-------- TASK DATA

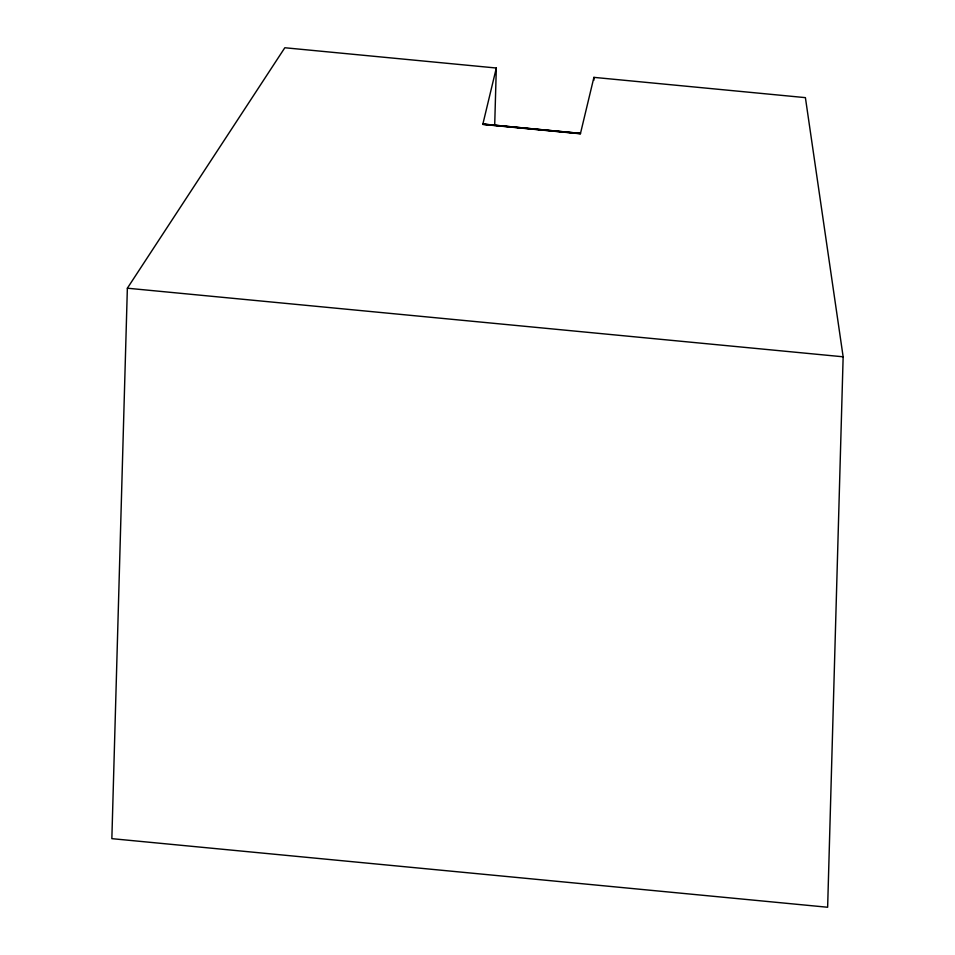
<?xml version="1.0" encoding="UTF-8"?>
<svg xmlns="http://www.w3.org/2000/svg" width="955" height="955" viewBox="0 0 955 955"><rect width="100%" height="100%" fill="white"/><g stroke="black" fill="none" stroke-linecap="round" stroke-linejoin="round"><path stroke-width="1.43" d="M127.361 288.207L111.854 838.657L827.639 907.25L843.146 356.8L805.399 97.637L593.914 77.367L580.401 133.784L482.788 124.425L496.314 68.02L284.829 47.75L127.361 288.207L843.146 356.8M482.86 124.102L580.473 133.402L482.86 124.043M494.69 125.415L496.314 68.02M593.831 80.316L593.914 77.367M482.824 124.269L580.425 133.628"/></g></svg>
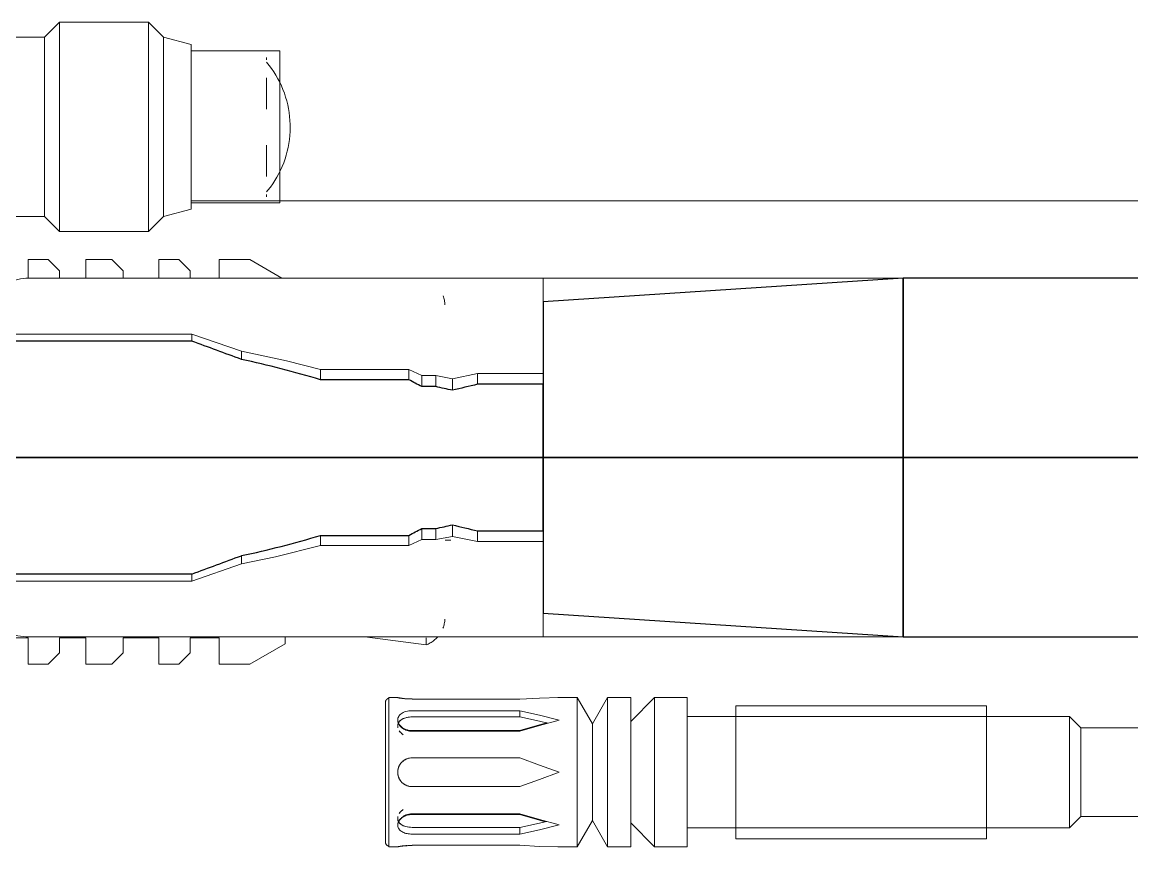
# Model space of a CAD drawing. Header units: inches. Extents: x -10318 to -7858, y -1627 to -453.
# Drawn here: x -8707.87 to -8701.63, y -574.94 to -570.3 of the extents above; entities that cross this region are included whole.
import ezdxf

# ---------------------------------------------------------------- set-up
doc = ezdxf.new("R2010")
doc.units = ezdxf.units.IN
doc.header["$MEASUREMENT"] = 0
doc.layers.add('A-FLOR', color=192, linetype='Continuous', lineweight=18)
doc.layers.add('A-GENM', color=13, linetype='Continuous', lineweight=9)

# ---------------------------------------------------------------- blocks, each defined once
blk = doc.blocks.new('M4_Assault_Rifle_14308 - M4_Assault_Rifle_14308-5171164-4-Lower')
at = {"layer": 'A-GENM'}
for p, q in [((14.8345, 0.4197), (14.6516, 0.4197)), ((14.6516, 0), (14.6516, 0.4197)), ((14.9691, 0.2852), (14.8345, 0.4197)), ((14.8345, 0), (14.8345, 0.4197)), ((15.1003, 0.4197), (14.9691, 0.4197)), ((14.9691, 0), (14.9691, 0.4197)), ((15.1854, 0.2724), (15.1003, 0.4197)), ((15.1003, 0), (15.1003, 0.4197)), ((15.2704, 0.4197), (15.1854, 0.2724)), ((15.3797, 0.4197), (15.2704, 0.4197)), ((15.2704, 0.4197), (15.2704, 0)), ((16.2006, 0.4113), (15.5931, 0.4113)), ((16.3305, 0.4197), (16.2812, 0.4197)), ((16.3305, 0.4197), (16.3305, 0)), ((12.4989, 0.3137), (12.4351, 0.2498)), ((14.6516, 0.3137), (12.4989, 0.3137)), ((12.4989, 0), (12.4989, 0.3137)), ((14.3779, 0.3741), (12.966, 0.3741)), ((12.966, 0), (12.966, 0.3741)), ((14.3779, 0), (14.3779, 0.3741)), ((15.5931, 0.3483), (16.2006, 0.3483)), ((15.5931, 0.3483), (15.5931, 0.3102)), ((16.3305, 0), (16.3305, 0.3609)), ((15.1854, 0), (15.1854, 0.2724)), ((16.2006, 0.3102), (15.5931, 0.3102)), ((12.4351, 0.2498), (11.5428, 0.2498)), ((12.4351, 0), (12.4351, 0.2498)), ((15.5931, 0.2378), (16.2006, 0.2378)), ((16.2006, 0.234), (15.5931, 0.234)), ((16.3305, 0.2255), (16.3305, 0.1385)), ((15.5931, 0.0807), (16.2006, 0.0807)), ((12.4351, -0.2498), (12.4351, 0)), ((12.4989, -0.3137), (12.4989, 0)), ((12.966, -0.3741), (12.966, 0)), ((14.3779, -0.3741), (14.3779, 0)), ((14.6516, -0.4197), (14.6516, 0)), ((14.8345, -0.4197), (14.8345, 0)), ((14.9691, -0.4197), (14.9691, 0)), ((15.1003, -0.4197), (15.1003, 0)), ((15.1854, -0.2724), (15.1854, 0)), ((15.2704, 0), (15.2704, -0.4197)), ((16.3305, 0.0548), (16.3305, 0)), ((16.3305, 0), (16.3305, 0.0548)), ((16.3305, 0.0547), (16.3305, 0)), ((16.3305, 0.0547), (16.3305, 0)), ((16.3305, 0.0458), (16.3305, 0)), ((16.3305, 0.0458), (16.3305, 0)), ((16.3305, 0), (16.3305, -0.0548)), ((16.3305, 0), (16.3305, -0.4197)), ((16.3305, 0), (16.3305, -0.0458)), ((16.3305, 0), (16.3305, -0.0458)), ((16.3305, 0), (16.3305, -0.0547)), ((16.3305, 0), (16.3305, -0.0547)), ((16.3305, -0.3609), (16.3305, 0)), ((16.3305, -0.0548), (16.3305, 0)), ((16.2006, -0.0807), (15.5931, -0.0807)), ((16.3305, -0.1385), (16.3305, -0.2255)), ((11.5428, -0.2498), (12.4351, -0.2498)), ((12.4351, -0.2498), (12.4989, -0.3137)), ((15.5931, -0.2306), (16.2006, -0.2306)), ((16.2006, -0.234), (15.5931, -0.234)), ((16.3305, -0.2291), (16.3305, -0.3181)), ((16.3305, -0.2291), (16.3305, -0.3181)), ((16.3305, -0.2498), (16.3305, -0.3181)), ((16.3305, -0.2498), (16.3305, -0.3181)), ((14.8345, -0.4197), (14.9691, -0.2852)), ((15.1003, -0.4197), (15.1854, -0.2724)), ((15.1854, -0.2724), (15.2704, -0.4197)), ((15.5931, -0.311), (16.2006, -0.311)), ((15.5931, -0.346), (15.5931, -0.311)), ((16.3305, -0.3323), (16.3305, -0.2552)), ((16.3305, -0.2555), (16.3305, -0.333)), ((12.4989, -0.3137), (14.6516, -0.3137)), ((12.966, -0.3741), (14.3779, -0.3741)), ((16.2006, -0.346), (15.5931, -0.346)), ((14.6516, -0.4197), (14.8345, -0.4197)), ((14.9691, -0.4197), (15.1003, -0.4197)), ((15.2704, -0.4197), (15.3797, -0.4197)), ((15.5931, -0.4113), (16.2006, -0.4113)), ((16.2812, -0.4197), (16.3305, -0.4197))]:
    blk.add_line(p, q, dxfattribs=at)
at = {"layer": 'A-GENM', "flags": 128}
for points in [[(15.5931, 0.4113), (15.4828, 0.4175), (15.3714, 0.4197)], [(16.3305, 0.4167), (16.3315, 0.4165), (16.3325, 0.4162), (16.3334, 0.4159), (16.3344, 0.4156), (16.3353, 0.4152), (16.3362, 0.4148), (16.3371, 0.4143), (16.338, 0.4138), (16.3389, 0.4133), (16.3397, 0.4128), (16.3405, 0.4122), (16.3413, 0.4116), (16.3421, 0.4109), (16.3428, 0.4102), (16.3435, 0.4095), (16.3442, 0.4088), (16.3449, 0.408), (16.3455, 0.4072), (16.3461, 0.4064), (16.3466, 0.4056), (16.3472, 0.4047), (16.3476, 0.4038), (16.3481, 0.4029), (16.3485, 0.402), (16.3489, 0.4011), (16.3492, 0.4001), (16.3495, 0.3992), (16.3498, 0.3982), (16.35, 0.3972), (16.3502, 0.3962), (16.3504, 0.3952), (16.3505, 0.3942), (16.3505, 0.3932), (16.3506, 0.3922), (16.3506, 0.3921)], [(16.3506, 0.3921), (16.3506, 0.3918), (16.3506, 0.3908), (16.3506, 0.3892), (16.3506, 0.3871), (16.3506, 0.3843), (16.3506, 0.3808), (16.3506, 0.3768), (16.3506, 0.3722), (16.3506, 0.3669), (16.3506, 0.3611), (16.3506, 0.3547), (16.3506, 0.3478), (16.3506, 0.3402), (16.3506, 0.3322), (16.3506, 0.3236), (16.3506, 0.3145), (16.3506, 0.3049), (16.3506, 0.2948), (16.3506, 0.2842), (16.3506, 0.2732), (16.3506, 0.2617), (16.3506, 0.2498), (16.3506, 0.2375), (16.3506, 0.2249), (16.3506, 0.2118), (16.3506, 0.1985), (16.3506, 0.1848), (16.3506, 0.1708), (16.3506, 0.1566), (16.3506, 0.1421), (16.3506, 0.1273), (16.3506, 0.1124), (16.3506, 0.0973), (16.3506, 0.082), (16.3506, 0.0666), (16.3506, 0.0511), (16.3506, 0.0355), (16.3506, 0.0199), (16.3506, 0.0042), (16.3506, 0)], [(16.3506, 0), (16.3506, 0.0157), (16.3506, 0.0313), (16.3506, 0.0469), (16.3506, 0.0625), (16.3506, 0.0779), (16.3506, 0.0932), (16.3506, 0.1083), (16.3506, 0.1233), (16.3506, 0.1381), (16.3506, 0.1527), (16.3506, 0.167), (16.3506, 0.181), (16.3506, 0.1948), (16.3506, 0.2083), (16.3506, 0.2214), (16.3506, 0.2341), (16.3506, 0.2465), (16.3506, 0.2585), (16.3506, 0.2701), (16.3506, 0.2813), (16.3506, 0.2919), (16.3506, 0.3022), (16.3506, 0.3119), (16.3506, 0.3212), (16.3506, 0.3299), (16.3506, 0.3381), (16.3506, 0.3458), (16.3506, 0.3529), (16.3506, 0.3594), (16.3506, 0.3654), (16.3506, 0.3708), (16.3506, 0.3756), (16.3506, 0.3798), (16.3506, 0.3834), (16.3506, 0.3864), (16.3506, 0.3887), (16.3506, 0.3905), (16.3506, 0.3916), (16.3506, 0.392)], [(15.3714, 0.297), (15.4825, 0.3242), (15.5931, 0.3483)], [(15.5931, 0.234), (15.4831, 0.2667), (15.3714, 0.297)], [(15.5931, 0.3102), (15.4826, 0.2867), (15.4441, 0.2777)], [(15.4508, 0.2792), (15.483, 0.2702), (15.5931, 0.2378)], [(15.3714, 0), (15.4828, 0.0405), (15.5931, 0.0807)], [(15.5931, -0.0807), (15.4828, -0.0405), (15.3714, 0)], [(16.3506, -0.3921), (16.3506, -0.3918), (16.3506, -0.3908), (16.3506, -0.3892), (16.3506, -0.3871), (16.3506, -0.3843), (16.3506, -0.3808), (16.3506, -0.3768), (16.3506, -0.3722), (16.3506, -0.3669), (16.3506, -0.3611), (16.3506, -0.3547), (16.3506, -0.3478), (16.3506, -0.3402), (16.3506, -0.3322), (16.3506, -0.3236), (16.3506, -0.3145), (16.3506, -0.3049), (16.3506, -0.2948), (16.3506, -0.2842), (16.3506, -0.2732), (16.3506, -0.2617), (16.3506, -0.2498), (16.3506, -0.2375), (16.3506, -0.2249), (16.3506, -0.2118), (16.3506, -0.1985), (16.3506, -0.1848), (16.3506, -0.1708), (16.3506, -0.1566), (16.3506, -0.1421), (16.3506, -0.1273), (16.3506, -0.1124), (16.3506, -0.0973), (16.3506, -0.082), (16.3506, -0.0666), (16.3506, -0.0511), (16.3506, -0.0355), (16.3506, -0.0199), (16.3506, -0.0042), (16.3506, 0)], [(16.3506, 0), (16.3506, -0.0157), (16.3506, -0.0313), (16.3506, -0.0469), (16.3506, -0.0625), (16.3506, -0.0779), (16.3506, -0.0932), (16.3506, -0.1083), (16.3506, -0.1233), (16.3506, -0.1381), (16.3506, -0.1527), (16.3506, -0.167), (16.3506, -0.181), (16.3506, -0.1948), (16.3506, -0.2083), (16.3506, -0.2214), (16.3506, -0.2341), (16.3506, -0.2465), (16.3506, -0.2585), (16.3506, -0.2701), (16.3506, -0.2813), (16.3506, -0.2919), (16.3506, -0.3022), (16.3506, -0.3119), (16.3506, -0.3212), (16.3506, -0.3299), (16.3506, -0.3381), (16.3506, -0.3458), (16.3506, -0.3529), (16.3506, -0.3594), (16.3506, -0.3654), (16.3506, -0.3708), (16.3506, -0.3756), (16.3506, -0.3798), (16.3506, -0.3834), (16.3506, -0.3864), (16.3506, -0.3887), (16.3506, -0.3905), (16.3506, -0.3916), (16.3506, -0.392)], [(15.3714, -0.2936), (15.4825, -0.2633), (15.5931, -0.2306)], [(15.5931, -0.234), (15.4825, -0.2665), (15.4424, -0.2776)], [(15.5931, -0.346), (15.483, -0.3213), (15.3714, -0.2936)], [(15.4367, -0.2763), (15.4833, -0.2873), (15.5931, -0.311)], [(15.3714, -0.4197), (15.4828, -0.4175), (15.5931, -0.4113)], [(16.3506, -0.3921), (16.3505, -0.3931), (16.3505, -0.3941), (16.3504, -0.3951), (16.3502, -0.3961), (16.3501, -0.3971), (16.3498, -0.398), (16.3496, -0.399), (16.3493, -0.4), (16.3489, -0.4009), (16.3486, -0.4019), (16.3482, -0.4028), (16.3477, -0.4037), (16.3472, -0.4046), (16.3467, -0.4054), (16.3462, -0.4063), (16.3456, -0.4071), (16.345, -0.4079), (16.3443, -0.4087), (16.3436, -0.4094), (16.3429, -0.4101), (16.3422, -0.4108), (16.3414, -0.4115), (16.3406, -0.4121), (16.3398, -0.4127), (16.339, -0.4132), (16.3381, -0.4138), (16.3373, -0.4143), (16.3364, -0.4147), (16.3355, -0.4151), (16.3345, -0.4155), (16.3336, -0.4159), (16.3326, -0.4162), (16.3316, -0.4164), (16.3307, -0.4167), (16.3305, -0.4167)]]:
    blk.add_lwpolyline(points, dxfattribs=at)
at = {"layer": 'A-GENM'}
for points, knots in [([(16.2006, 0.4125), (16.2055, 0.4125), (16.215, 0.4127), (16.2283, 0.4133), (16.2412, 0.4143), (16.2528, 0.4156), (16.2627, 0.4169), (16.2709, 0.4181), (16.2768, 0.4191), (16.2803, 0.4196), (16.2811, 0.4197), (16.2812, 0.4197)], [0, 0, 0, 0, 0.0555556, 0.1111111, 0.1666667, 0.2222222, 0.2777778, 0.3333333, 0.3888889, 0.4444444, 0.4880046, 0.4880046, 0.4880046, 0.4880046]), ([(16.2812, 0.4197), (16.2811, 0.4196), (16.2805, 0.4195), (16.2781, 0.4189), (16.2727, 0.4178), (16.2628, 0.4161), (16.2502, 0.4143), (16.2379, 0.413), (16.2304, 0.4124), (16.2283, 0.4123)], [0.5138889, 0.5138889, 0.5138889, 0.5138889, 0.5486111, 0.5833333, 0.6527778, 0.7222222, 0.7916667, 0.8611111, 0.8888889, 0.8888889, 0.8888889, 0.8888889]), ([(16.2006, 0.3483), (16.2055, 0.3483), (16.215, 0.3478), (16.2283, 0.3458), (16.2413, 0.3423), (16.2529, 0.3375), (16.2628, 0.3314), (16.271, 0.3242), (16.2769, 0.3158), (16.2809, 0.3059), (16.2818, 0.2943), (16.2791, 0.2817), (16.2726, 0.269), (16.2628, 0.2575), (16.2502, 0.2476), (16.2298, 0.2373), (16.2128, 0.2341), (16.2006, 0.234)], [0, 0, 0, 0, 0.055556, 0.111111, 0.166667, 0.222222, 0.277778, 0.333333, 0.388889, 0.444444, 0.513889, 0.583333, 0.652778, 0.722222, 0.791667, 0.861111, 1, 1, 1, 1]), ([(16.28, 0.2493), (16.2811, 0.2535), (16.2816, 0.2599), (16.2806, 0.2681), (16.2782, 0.2758), (16.2728, 0.2849), (16.263, 0.2939), (16.2504, 0.3011), (16.2298, 0.3082), (16.2128, 0.3101), (16.2006, 0.3102)], [0.4444444, 0.4444444, 0.4444444, 0.4444444, 0.5138889, 0.5486111, 0.5833333, 0.6527778, 0.7222222, 0.7916667, 0.8611111, 1, 1, 1, 1]), ([(16.2006, 0.2378), (16.2055, 0.2378), (16.215, 0.2386), (16.2283, 0.2416), (16.2412, 0.2466), (16.2528, 0.2532), (16.2627, 0.2612), (16.2708, 0.2702), (16.2767, 0.28), (16.2808, 0.2908), (16.2816, 0.3005), (16.2808, 0.3065), (16.2804, 0.3085)], [0, 0, 0, 0, 0.0555556, 0.1111111, 0.1666667, 0.2222222, 0.2777778, 0.3333333, 0.3888889, 0.4444444, 0.5138889, 0.5486111, 0.5486111, 0.5486111, 0.5486111]), ([(16.2283, 0.3075), (16.2327, 0.3067), (16.2413, 0.3044), (16.2528, 0.2998), (16.2628, 0.2938), (16.271, 0.2867), (16.2769, 0.2784), (16.2809, 0.2686), (16.2817, 0.2586), (16.2806, 0.2518), (16.28, 0.2493)], [0.1111111, 0.1111111, 0.1111111, 0.1111111, 0.1666667, 0.2222222, 0.2777778, 0.3333333, 0.3888889, 0.4444444, 0.5138889, 0.5555556, 0.5555556, 0.5555556, 0.5555556]), ([(16.2006, 0.0807), (16.2129, 0.0807), (16.2368, 0.0752), (16.2634, 0.054), (16.2782, 0.0272), (16.2813, 0.0092), (16.2813, 0)], [0, 0, 0, 0, 0.285714, 0.571429, 0.785714, 1, 1, 1, 1]), ([(16.2006, 0.0807), (16.21, 0.0807), (16.2241, 0.0782), (16.2391, 0.0712), (16.247, 0.0662), (16.2507, 0.0633), (16.2525, 0.0618)], [0, 0, 0, 0, 0.1111111, 0.1666667, 0.1944444, 0.2222222, 0.2222222, 0.2222222, 0.2222222]), ([(16.2525, 0.0618), (16.2507, 0.0633), (16.247, 0.0662), (16.2391, 0.0712), (16.2241, 0.0782), (16.21, 0.0807), (16.2006, 0.0807)], [0.7777778, 0.7777778, 0.7777778, 0.7777778, 0.8055556, 0.8333333, 0.8888889, 1, 1, 1, 1]), ([(16.2509, 0.0631), (16.2439, 0.0688), (16.2331, 0.0747), (16.2216, 0.078), (16.2186, 0.0787)], [0.5714286, 0.5714286, 0.5714286, 0.5714286, 0.7857143, 0.8571429, 0.8571429, 0.8571429, 0.8571429]), ([(16.2813, 0), (16.2813, -0.0123), (16.2758, -0.0362), (16.2546, -0.0628), (16.2277, -0.0776), (16.2098, -0.0807), (16.2006, -0.0807)], [0, 0, 0, 0, 0.285714, 0.571429, 0.785714, 1, 1, 1, 1]), ([(16.2813, 0), (16.2813, 0.0123), (16.2771, 0.0302), (16.2675, 0.0456), (16.2637, 0.0503)], [0, 0, 0, 0, 0.2857143, 0.4285714, 0.4285714, 0.4285714, 0.4285714]), ([(16.2705, 0.0404), (16.2716, 0.0384), (16.2738, 0.0342), (16.2774, 0.0255), (16.2817, 0.0096), (16.2817, -0.0096), (16.2768, -0.0278), (16.2728, -0.0364), (16.2705, -0.0404)], [0.3333333, 0.3333333, 0.3333333, 0.3333333, 0.3611111, 0.3888889, 0.4444444, 0.5555556, 0.6111111, 0.6666667, 0.6666667, 0.6666667, 0.6666667]), ([(16.2705, -0.0404), (16.2716, -0.0384), (16.2738, -0.0342), (16.2774, -0.0255), (16.2817, -0.0096), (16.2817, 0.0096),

----------------

Gather all lines with the string "blocks" from the data.

# ---------------------------------------------------------------- blocks, each defined once
blk = doc.blocks.new('M4_Assault_Rifle_14308 - M4_Assault_Rifle_14308-5171164-4-Lower')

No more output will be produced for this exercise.